Why We Shouldn’t Take ‘Cardboard Collectors’ Comments At Face Value

How much do we know about the cardboard collectors we see on the street, pushing along loaded trolleys, backs hunched? Recently Minister of Social and Family Development (MSF) Tan Chuan-jin accompanied a group of students to meet box collectors at Jalan Besar. Yet his findings has raised eyebrows among other volunteers.

Reading his post reminded me of a cardboard collector I’d met last year. It was raining when we met her, and she wasn’t going to get very far walking alone pushing her trolley in that downpour, so she agreed to sit down with us at a coffeeshop for a chat.

She’d earned just a couple of dollars that day. She said she wasn’t one of the regular ones because she couldn’t go around collecting cardboard all the time; her husband was sick and needed to be taken to the hospital, and couldn’t be left alone too long when they were at home. His trips to the hospital had become more and more frequent, but it was being deducted from Medisave, she said. Then she dropped the bomb: the last time he’d been to hospital, they’d been told that he had less than $20 left in his Medisave account.

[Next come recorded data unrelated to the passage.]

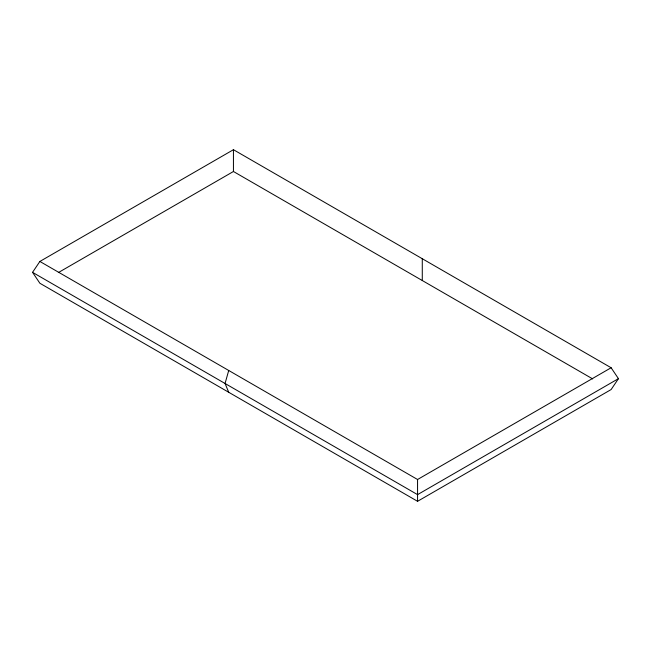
<?xml version="1.0" encoding="UTF-8"?>
<svg xmlns="http://www.w3.org/2000/svg" width="651" height="651" viewBox="0 0 651 651"><rect width="100%" height="100%" fill="white"/><g stroke="black" fill="none" stroke-linecap="round" stroke-linejoin="round"><path stroke-width="0.98" d="M228.721 370.476L225.059 383.488L228.721 392.276M32.55 272.346L39.874 261.45L233.44 149.697L611.126 367.75L618.45 378.654L611.126 389.55L417.56 501.303L39.874 283.25L32.55 272.346L417.56 494.63L618.45 378.654M58.354 272.582L233.44 171.498L592.679 378.906M39.874 261.45L417.56 479.502L611.126 367.75M422.279 258.724L422.279 280.524M417.56 479.502L417.56 501.303M233.44 149.697L233.44 171.498"/></g></svg>
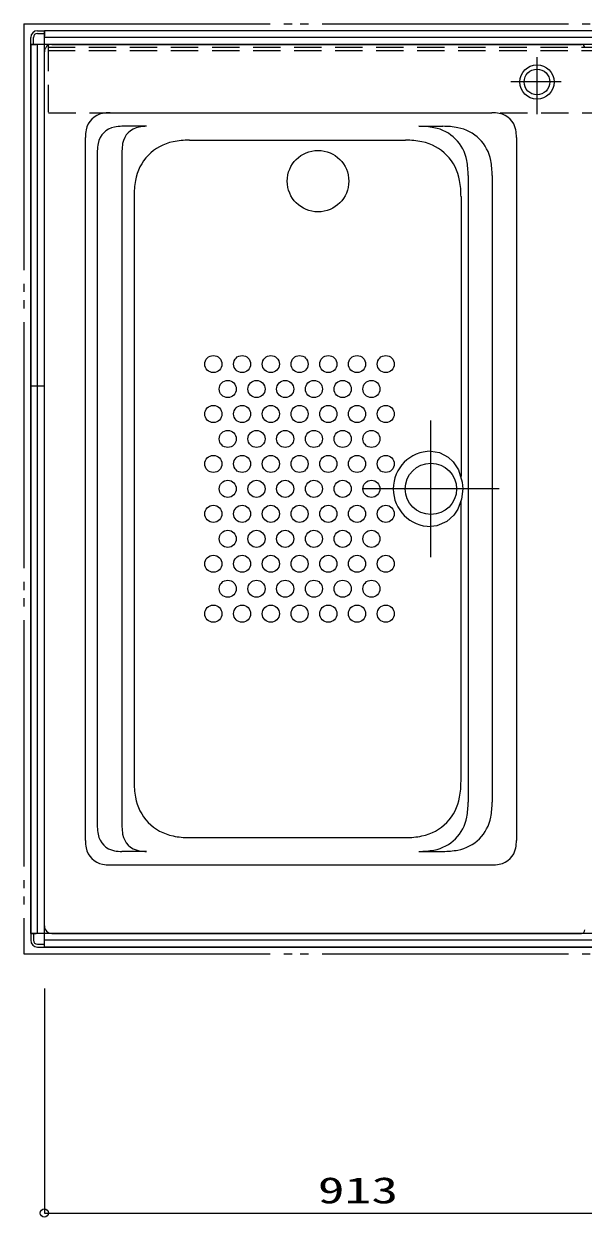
# Model space of a CAD drawing. Units: millimetres on the paper. Extents: x -305 to 305, y -152 to 152.
# Drawn here: x -204.9 to -164.1, y -5.7 to 81.6 of the extents above; entities that cross this region are included whole.
import ezdxf
from ezdxf.enums import TextEntityAlignment as Align

# ---------------------------------------------------------------- set-up
doc = ezdxf.new("R2010")
doc.units = ezdxf.units.MM
for name, pattern in [('DASHED2', [3, 2, -1]), ('LONG_CHAIN', [21, 18, -1, 1, -1]), ('LONG_DOUBLE_CHAIN', [21.8, 18, -1, 0.6, -0.6, 0.6, -1])]:
    doc.linetypes.add(name, pattern=pattern)
doc.layers.add('0-0_0', color=7, linetype='Continuous', lineweight=9)
doc.layers.add('0-1_VIEW0001', color=7, linetype='Continuous', lineweight=9)
doc.styles.add('ＭＳ ゴシック', font='')
doc.styles.get('ＭＳ ゴシック').set_extended_font_data('MS Gothic')

# ---------------------------------------------------------------- blocks, each defined once
blk = doc.blocks.new('_ORIGIN')
at = {"layer": '0-0_0'}
blk.add_line((0, 0), (-1, 0), dxfattribs=at)
blk.add_circle((0, 0), 0.5, dxfattribs=at)

msp = doc.modelspace()

# ---------------------------------------------------------------- linework, layer by layer
at = {"layer": '0-0_0'}
for p, q in [((-203.434, 11.033), (-203.434, -5.375)), ((-202.834, -5.375), (-158.364, -5.375))]:
    msp.add_line(p, q, dxfattribs=at)
at = {"layer": '0-1_VIEW0001', "linetype": 'LONG_DOUBLE_CHAIN'}
msp.add_line((-204.934, 81.573), (-116.934, 81.573), dxfattribs=at)
at = {"layer": '0-1_VIEW0001'}
for p, q in [((-204.434, 80.073), (-204.434, 80.573)), ((-204.234, 80.073), (-204.234, 80.573)), ((-203.934, 81.073), (-203.434, 81.073)), ((-203.934, 80.873), (-203.434, 80.873)), ((-118.434, 81.073), (-203.434, 81.073)), ((-203.434, 14.073), (-203.434, 81.073)), ((-118.434, 81.073), (-203.434, 81.073)), ((-203.434, 81.073), (-203.434, 80.673)), ((-118.434, 80.573), (-203.434, 80.573)), ((-204.434, 15.073), (-204.434, 80.073)), ((-117.434, 80.073), (-204.434, 80.073)), ((-204.434, 80.073), (-204.434, 15.073)), ((-204.434, 80.073), (-204.034, 80.073)), ((-203.934, 15.073), (-203.934, 80.073)), ((-203.434, 15.623), (-203.434, 79.524)), ((-202.884, 80.074), (-164.184, 80.074)), ((-198.636, 75.074), (-170.732, 75.074)), ((-195.968, 74.082), (-197.767, 74.082)), ((-176.056, 74.082), (-174.306, 74.082)), ((-200.434, 21.871), (-200.434, 73.276)), ((-192.837, 73.073), (-177.032, 73.073)), ((-168.934, 73.276), (-168.934, 21.871)), ((-199.565, 72.284), (-199.565, 22.863)), ((-197.765, 72.284), (-197.765, 22.863)), ((-172.46, 70.487), (-172.46, 24.66)), ((-170.71, 70.487), (-170.71, 24.66)), ((-196.884, 68.934), (-196.884, 26.213)), ((-172.984, 68.94), (-172.984, 48.473)), ((-203.434, 55.073), (-204.434, 55.073)), ((-172.984, 26.207), (-172.984, 46.674)), ((-192.837, 22.073), (-177.032, 22.073)), ((-195.968, 21.065), (-197.767, 21.065)), ((-176.056, 21.065), (-174.306, 21.065)), ((-198.636, 20.073), (-170.732, 20.073)), ((-158.309, 15.073), (-204.434, 15.073)), ((-204.434, 15.073), (-204.434, 14.573)), ((-204.434, 15.073), (-204.034, 15.073)), ((-204.234, 15.073), (-204.234, 14.573)), ((-202.884, 15.073), (-164.184, 15.073)), ((-203.934, 14.273), (-203.434, 14.273)), ((-203.934, 14.073), (-203.434, 14.073)), ((-158.359, 14.573), (-203.434, 14.573)), ((-203.434, 14.073), (-203.434, 14.473)), ((-158.359, 14.073), (-203.434, 14.073)), ((-203.434, 14.073), (-158.359, 14.073))]:
    msp.add_line(p, q, dxfattribs=at)
at = {"layer": '0-1_VIEW0001', "color": 6, "linetype": 'DASHED2'}
for p, q in [((-203.184, 79.873), (-118.684, 79.873)), ((-203.184, 79.623), (-118.684, 79.623)), ((-203.134, 75.123), (-203.134, 80.073)), ((-203.134, 75.073), (-118.684, 75.073))]:
    msp.add_line(p, q, dxfattribs=at)
at = {"layer": '0-1_VIEW0001', "linetype": 'LONG_CHAIN'}
for p, q in [((-167.434, 79.137), (-167.434, 74.981)), ((-165.668, 77.323), (-169.331, 77.323)), ((-175.184, 42.573), (-175.184, 52.573)), ((-170.184, 47.573), (-180.184, 47.573))]:
    msp.add_line(p, q, dxfattribs=at)
at = {"layer": '0-1_VIEW0001', "linetype": 'LONG_DOUBLE_CHAIN'}
msp.add_lwpolyline([(-204.934, 81.573), (-204.934, 13.573), (-158.359, 13.573)], dxfattribs=at)
at = {"layer": '0-1_VIEW0001'}
msp.add_lwpolyline([(-175.184, 50.323), (-174.554, 50.221), (-173.929, 49.889), (-173.56, 49.543), (-173.173, 48.959), (-172.895, 48.074), (-172.856, 47.573), (-172.943, 46.829), (-173.224, 46.091), (-173.517, 45.654), (-174.011, 45.198), (-174.761, 44.869), (-175.184, 44.823)], dxfattribs=at)
for centre, radius in [((-167.434, 77.323), 1.25), ((-167.434, 77.323), 0.94), ((-191.084, 56.698), 0.625), ((-188.984, 56.698), 0.625), ((-186.884, 56.698), 0.625), ((-184.784, 56.698), 0.625), ((-182.684, 56.698), 0.625), ((-180.584, 56.698), 0.625), ((-178.484, 56.698), 0.625), ((-190.034, 54.873), 0.625), ((-187.934, 54.873), 0.625), ((-185.834, 54.873), 0.625), ((-183.734, 54.873), 0.625), ((-181.634, 54.873), 0.625), ((-179.534, 54.873), 0.625), ((-191.084, 53.048), 0.625), ((-188.984, 53.048), 0.625), ((-186.884, 53.048), 0.625), ((-184.784, 53.048), 0.625), ((-182.684, 53.048), 0.625), ((-180.584, 53.048), 0.625), ((-178.484, 53.048), 0.625), ((-190.034, 51.223), 0.625), ((-187.934, 51.223), 0.625), ((-185.834, 51.223), 0.625), ((-183.734, 51.223), 0.625), ((-181.634, 51.223), 0.625), ((-179.534, 51.223), 0.625), ((-191.084, 49.398), 0.625), ((-188.984, 49.398), 0.625), ((-186.884, 49.398), 0.625), ((-184.784, 49.398), 0.625), ((-182.684, 49.398), 0.625), ((-180.584, 49.398), 0.625), ((-178.484, 49.398), 0.625), ((-175.184, 47.573), 1.875), ((-190.034, 47.573), 0.625), ((-187.934, 47.573), 0.625), ((-185.834, 47.573), 0.625), ((-183.734, 47.573), 0.625), ((-181.634, 47.573), 0.625), ((-179.534, 47.573), 0.625), ((-191.084, 45.748), 0.625), ((-188.984, 45.748), 0.625), ((-186.884, 45.748), 0.625), ((-184.784, 45.748), 0.625), ((-182.684, 45.748), 0.625), ((-180.584, 45.748), 0.625), ((-178.484, 45.748), 0.625), ((-190.034, 43.923), 0.625), ((-187.934, 43.923), 0.625), ((-185.834, 43.923), 0.625), ((-183.734, 43.923), 0.625), ((-181.634, 43.923), 0.625), ((-179.534, 43.923), 0.625), ((-191.084, 42.098), 0.625), ((-188.984, 42.098), 0.625), ((-186.884, 42.098), 0.625), ((-184.784, 42.098), 0.625), ((-182.684, 42.098), 0.625), ((-180.584, 42.098), 0.625), ((-178.484, 42.098), 0.625), ((-190.034, 40.273), 0.625), ((-187.934, 40.273), 0.625), ((-185.834, 40.273), 0.625), ((-183.734, 40.273), 0.625), ((-181.634, 40.273), 0.625), ((-179.534, 40.273), 0.625), ((-191.084, 38.448), 0.625), ((-188.984, 38.448), 0.625), ((-186.884, 38.448), 0.625), ((-184.784, 38.448), 0.625), ((-182.684, 38.448), 0.625), ((-180.584, 38.448), 0.625), ((-178.484, 38.448), 0.625)]:
    msp.add_circle(centre, radius, dxfattribs=at)
at = {"layer": '0-1_VIEW0001', "linetype": 'LONG_DOUBLE_CHAIN'}
msp.add_circle((-183.434, 70.073), 2.25, dxfattribs=at)
at = {"layer": '0-1_VIEW0001'}
for centre, radius, start, end in [((-203.934, 80.573), 0.5, 90, 180), ((-203.934, 80.573), 0.3, 90, 180), ((-202.884, 79.524), 0.55, 90, 180), ((-164.184, 79.824), 0.25, 0, 90), ((-198.636, 72.074), 3, 90, 100.47531), ((-170.732, 72.074), 3, 79.52469, 90), ((-198.909, 73.549), 1.5, 100.47531, 169.52468), ((-170.459, 73.549), 1.5, 10.47531, 79.52469), ((-197.434, 73.276), 3, 169.52468, 180), ((-198.04, 72.557), 1.5, 100.47531, 169.52468), ((-197.767, 71.082), 3, 90, 100.47531), ((-196.24, 72.557), 1.5, 100.47531, 169.52468), ((-195.968, 71.082), 3, 90, 100.47531), ((-176.056, 68.082), 6, 79.52469, 90), ((-175.51, 71.032), 3, 10.47531, 79.52469), ((-174.306, 68.082), 6, 79.52469, 90), ((-173.76, 71.032), 3, 10.47531, 79.52469), ((-171.934, 73.276), 3, 0, 10.47531), ((-196.565, 72.284), 3, 169.52468, 180), ((-194.765, 72.284), 3, 169.52468, 180), ((-193.334, 69.523), 3.5, 101.47834, 170.30368), ((-192.837, 67.073), 6, 90, 101.47834), ((-177.032, 67.073), 6, 78.52166, 90), ((-176.534, 69.523), 3.5, 9.69632, 78.52166), ((-178.46, 70.487), 6, 0, 10.47531), ((-176.71, 70.487), 6, 0, 10.47531), ((-189.884, 68.934), 7, 170.30368, 180), ((-179.984, 68.934), 7, 0, 9.69632), ((-175.184, 47.573), 2.75, 90, 270), ((-189.884, 26.213), 7, 179.99999, 189.69632), ((-179.984, 26.213), 7, 350.30368, 0), ((-193.334, 25.623), 3.5, 189.69632, 258.52166), ((-176.534, 25.623), 3.5, 281.47834, 350.30368), ((-178.46, 24.66), 6, 349.52469, 0), ((-176.71, 24.66), 6, 349.52469, 0), ((-175.51, 24.115), 3, 280.47532, 349.52469), ((-173.76, 24.115), 3, 280.47532, 349.52469), ((-196.565, 22.863), 3, 179.99999, 190.47532), ((-194.765, 22.863), 3, 179.99999, 190.47532), ((-197.434, 21.871), 3, 179.99999, 190.47532), ((-198.04, 22.59), 1.5, 190.47532, 259.52469), ((-196.24, 22.59), 1.5, 190.47532, 259.52469), ((-192.837, 28.073), 6, 258.52166, 270), ((-177.032, 28.073), 6, 270, 281.47834), ((-171.934, 21.871), 3, 349.52469, 0), ((-198.909, 21.598), 1.5, 190.47532, 259.52469), ((-197.767, 24.065), 3, 259.52469, 270), ((-195.968, 24.065), 3, 259.52469, 270), ((-176.056, 27.065), 6, 270, 280.47532), ((-174.306, 27.065), 6, 270, 280.47532), ((-170.459, 21.598), 1.5, 280.47532, 349.52469), ((-198.636, 23.073), 3, 259.52469, 270), ((-170.732, 23.073), 3, 270, 280.47532), ((-202.884, 15.623), 0.55, 180, 270), ((-164.184, 15.323), 0.25, 270, 0), ((-203.934, 14.573), 0.5, 180, 270), ((-203.934, 14.573), 0.3, 180, 270)]:
    msp.add_arc(centre, radius, start, end, dxfattribs=at)

# ---------------------------------------------------------------- block references
at = {"layer": '0-0_0', "xscale": 0.6, "yscale": 0.6, "rotation": 180}
msp.add_blockref('_ORIGIN', (-203.434, -5.375), dxfattribs=at)

# ---------------------------------------------------------------- texts
at = {"layer": '0-0_0', "style": 'ＭＳ ゴシック', "width": 1.5}
msp.add_text('913', height=1.921, dxfattribs=at).set_placement((-183.455, -5.245), align=Align.BOTTOM_LEFT)

doc.saveas('drawing.dxf')

The social worker at the hospital had offered to help them apply for financial assistance to pay for future medical bills, but her husband had refused. We made the offer again to her at the coffeeshop that rainy afternoon, but the little old lady hunched over the table was stubborn and resolute. “My husband doesn’t like this sort of thing,” she said. “If you apply they will go through all your private things and ask you so many questions.”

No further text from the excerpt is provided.